In their opening brief, defendants assert: 1) the home port doctrine is another name for the common law rule of mobilia sequuntur personam, subjecting tangible, movable personal property to taxation only by the jurisdiction of the owner's domicile (Hays v. Pacific Mail S.S. Co., 58 U.S. (17 How.) 596 [15 L. Ed. 254]; St. Louis v. Wiggins Ferry Co., 78 U.S. (11 Wall.) 423 [20 L. Ed. 192]; Ayer & Lord Tie Co. v. Kentucky, 202 U.S. 409 [50 L. Ed. 1082, 26 S. Ct. 679]; Southern Pac. Co. v. Kentucky, 222 U.S. 63 [56 L. Ed. 96, 32 S. Ct. 13]); 2) the owner's domicile rule is inapplicable "if the owner, by his own act, gives to such property a permanent location elsewhere" (Southern Pac. Co. v. Kentucky, supra, 222 U.S. 63, 68 [56 L. Ed. 96, 98, 32 S. Ct. 13, 15]; Brock & Co. v. Board of Supervisors, 8 Cal. 2d 286 [65 P.2d 791, 110 A.L.R. 700]); 3) San Diego is plaintiffs' vessels' permanent location. Supporting the last assertion, defendants, stressing the masters' authorized powers, rely heavily upon United States Whaling Co. v. King County, 96 Wash. 434 [165 P. 70, 71], in which the Supreme Court of Washington upheld King County's taxation of whaling vessels. The case is neither controlling nor instructive.
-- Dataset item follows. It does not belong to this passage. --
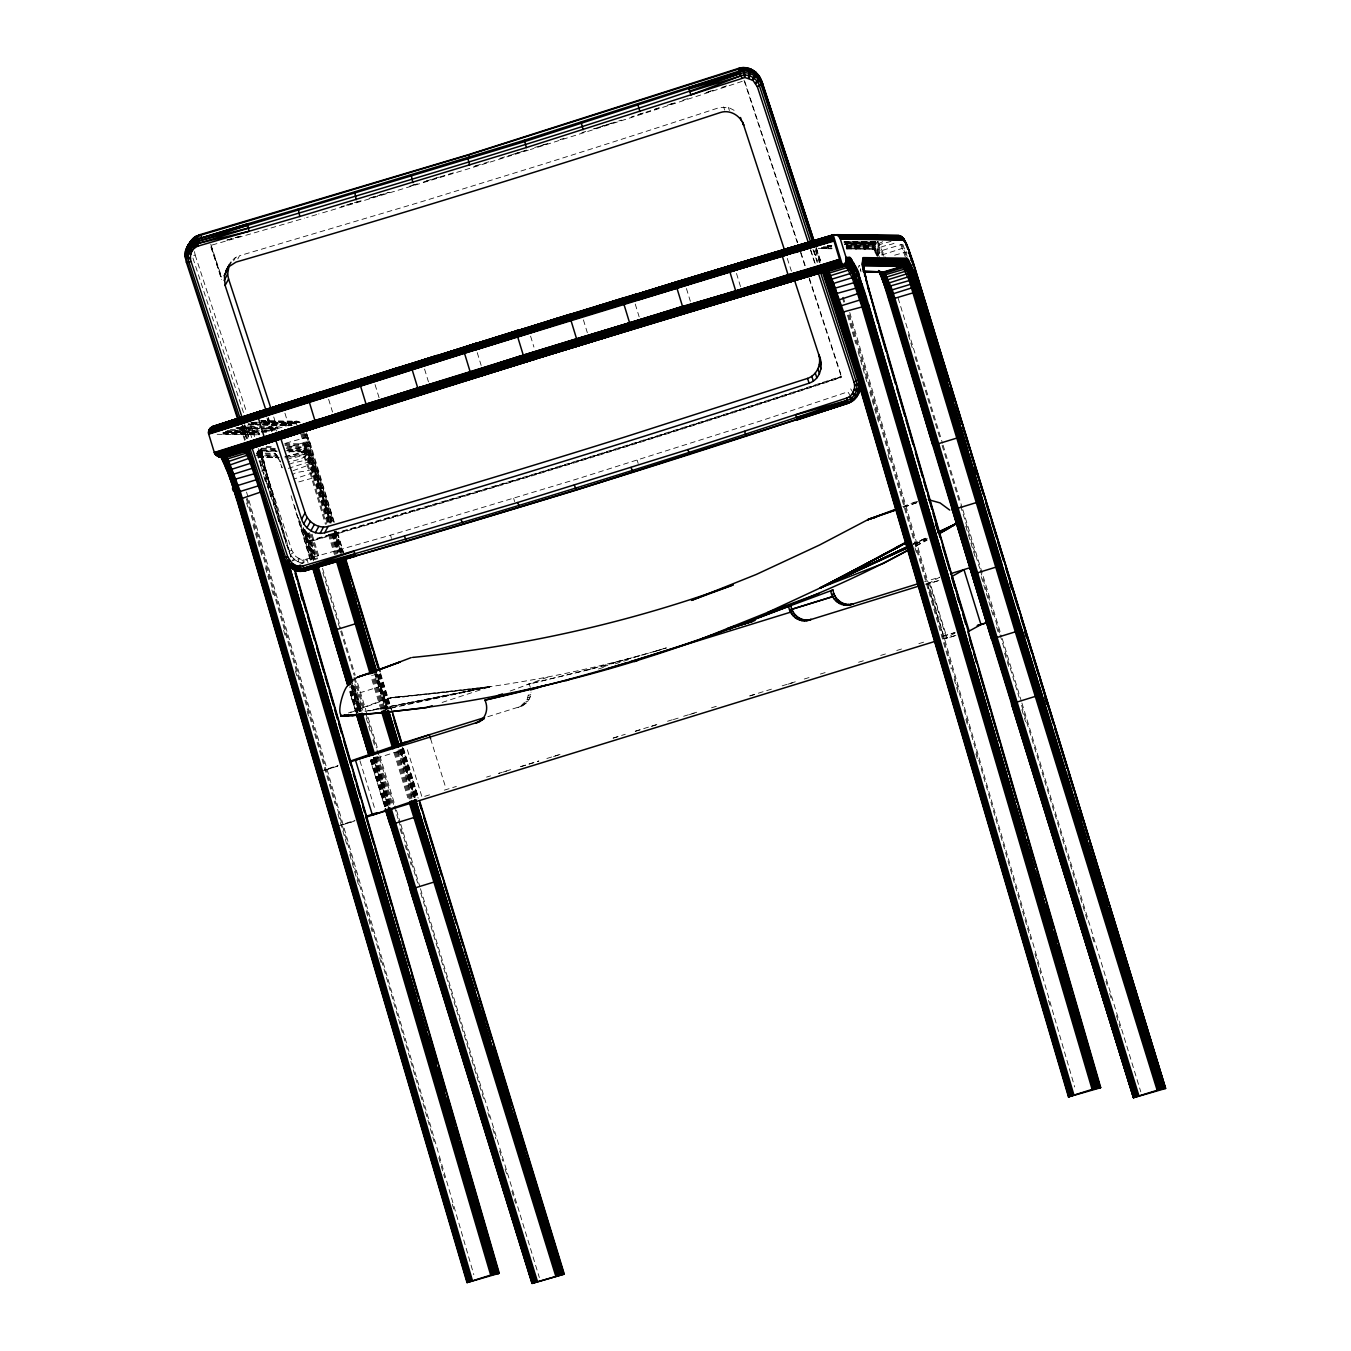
<?xml version="1.0" encoding="UTF-8"?>
<svg xmlns="http://www.w3.org/2000/svg" width="1351" height="1351" viewBox="0 0 1351 1351"><rect width="100%" height="100%" fill="white"/><g stroke="black" fill="none" stroke-linecap="round" stroke-linejoin="round"><path stroke-width="0.75" stroke-dasharray="5 3.75" d="M261.52 471.111L264.475 469.304L265.269 466.804L266.991 473.711L263.833 476.109L265.421 481.767M284.689 443.635L305.343 443.888C318.397 455.946 295.514 460.759 287.797 462.008M487.812 716.705L520.27 706.556L527.042 699.902L528.798 692.979M522.499 705.678L518.058 707.384C525.134 705.83 531.044 699.582 531.011 692.151M275.418 449.241L260.963 449.056L257.754 451.318L257.281 455.321L261.013 452.399L261.638 448.887L261.858 454.797L258.632 457.989L259.341 461.755M877.407 256.47C874.621 251.894 870.01 244.041 877.677 241.322L885.53 258.024M288.911 464.693C294.484 460.64 309.362 462.971 310.561 453.598L313.668 461.89L312.621 463.714L289.57 471.904M260.963 449.056L260.929 456.3L263.901 469.81L279.319 523.597M261.03 448.667L264.475 469.304L285.838 543.507M858.594 267.414L859.202 265.623M266.991 473.711L268.748 479.977L266.248 481.446L263.681 472.09M261.182 465.74L264.07 462.245L262.736 455.929L262.618 458.816L260.203 461.316L261.182 465.74L260.321 466.163M258.48 448.566L291.782 550.33L295.633 556.359L299.905 559.027L299.01 562.185L303.046 563.114L303.907 559.821L390.54 535.182L575.408 479.504L760.782 420.87L847.82 391.841L849.644 394.661M905.744 255.086L901.793 244.413L881.663 250.627L877.441 255.052L873.185 247.317L846.199 246.845M313.668 461.89C321.166 473.542 294.231 469.624 292.677 475.096M308.011 562.675L307.116 559.398L304.009 563.181L303.907 559.821L298.081 561.796L299.162 558.723L292.019 561.037L295.633 556.359M268.748 479.977L291.09 556.882M272.091 431.053L276.229 427.017L295.43 421.174L299.871 422.204L295.058 421.765L275.908 427.76L273.054 430.479L266.164 430.04M350.399 712.602L390.979 697.606L409.252 695.765C494.5 688.875 579.123 673.625 661.196 649.493M304.853 530.875L307.724 542.224A2626.445 489.721 -18.2 0 0 841.538 377.402L841.487 376.22A2624.115 489.282 -18.2 0 1 522.955 477.41M304.093 529.575L307.724 542.224L303.114 528.19M237.827 258.885L239.566 255.711L420.11 202.16L540.957 164.839A2556.582 454.848 -18.1 0 0 718.985 107.692L728.358 107.354L735.518 111.069M233.622 260.794L235.378 257.602L239.566 255.711M298.081 561.796L294.45 559.517L296.257 556.899M442.132 702.452L490.143 686.68L388.446 698.112L348.44 712.94M850.674 388.885L852.616 391.773M260.507 449.511L257.298 451.758M295.43 421.174L296.848 422.677L277.647 428.52L274.371 430.733L273.02 429.28L260.405 429.128M355.718 711.842L350.787 695.63L380.678 686.325L387.923 708.515M233.031 259.628L235.378 257.602M315.273 466.602L316.725 471.617L293.944 479.031M294.45 559.517L290.87 555.464L293.37 553.657M390.135 698.214L390.979 697.606M370.478 760.157L384.849 807.172L370.36 760.241L394.036 752.676L400.757 750.886L415.112 797.867M914.019 502.488L913.107 502.927M399.423 696.592L388.497 698.501L490.143 686.68L385.17 709.444M290.87 555.464L290.33 554.569L292.947 552.947M903.211 248.06L881.342 255.17L875.127 242.842L843.835 242.454M955.039 633.011L944.45 638.955L927.478 584.054L939.688 577.198L924.641 581.707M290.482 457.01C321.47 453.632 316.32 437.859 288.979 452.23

The whaling vessels, owned by a South Dakota corporation authorized to do business in Washington, were built in Seattle, went to sea from Seattle each May, returned to Seattle each October, remained in Seattle from October to May, were managed in Seattle, were repaired, fueled and staffed in Seattle. They were federally registered in Alaska. The corporate directors resided in South Dakota (1), Scotland (1), Norway (2) and Seattle (1). Seattle is in King County.

Unlike the whaling vessels, plaintiffs' vessels are at sea 265 days each year, spending only two-thirds of the remaining 100 days in San Diego. San Diego is neither the situs of federal registration, nor the jurisdiction encompassing majority *178 ownership, management, decision making, or cargo unloading. In substance, plaintiffs' vessels are located primarily at sea, entering ports only to deliver their catch, obtain provisions and repairs, and return to the high seas. San Diego is their port of convenience, but neither their permanent location nor home port. (See Star-Kist Foods, Inc. v. Byram, 241 Cal. App. 2d 313 [50 Cal. Rptr. 381]; Sayles v. County of Los Angeles, 59 Cal. App. 2d 295 [138 P.2d 768]; Scandinavian Airlines System, Inc. v. County of Los Angeles, supra, 56 Cal. 2d 11; San Francisco v. Talbot, 63 Cal. 485.)

Judgments affirmed.

Coughlin, J., and Whelan, J., concurred.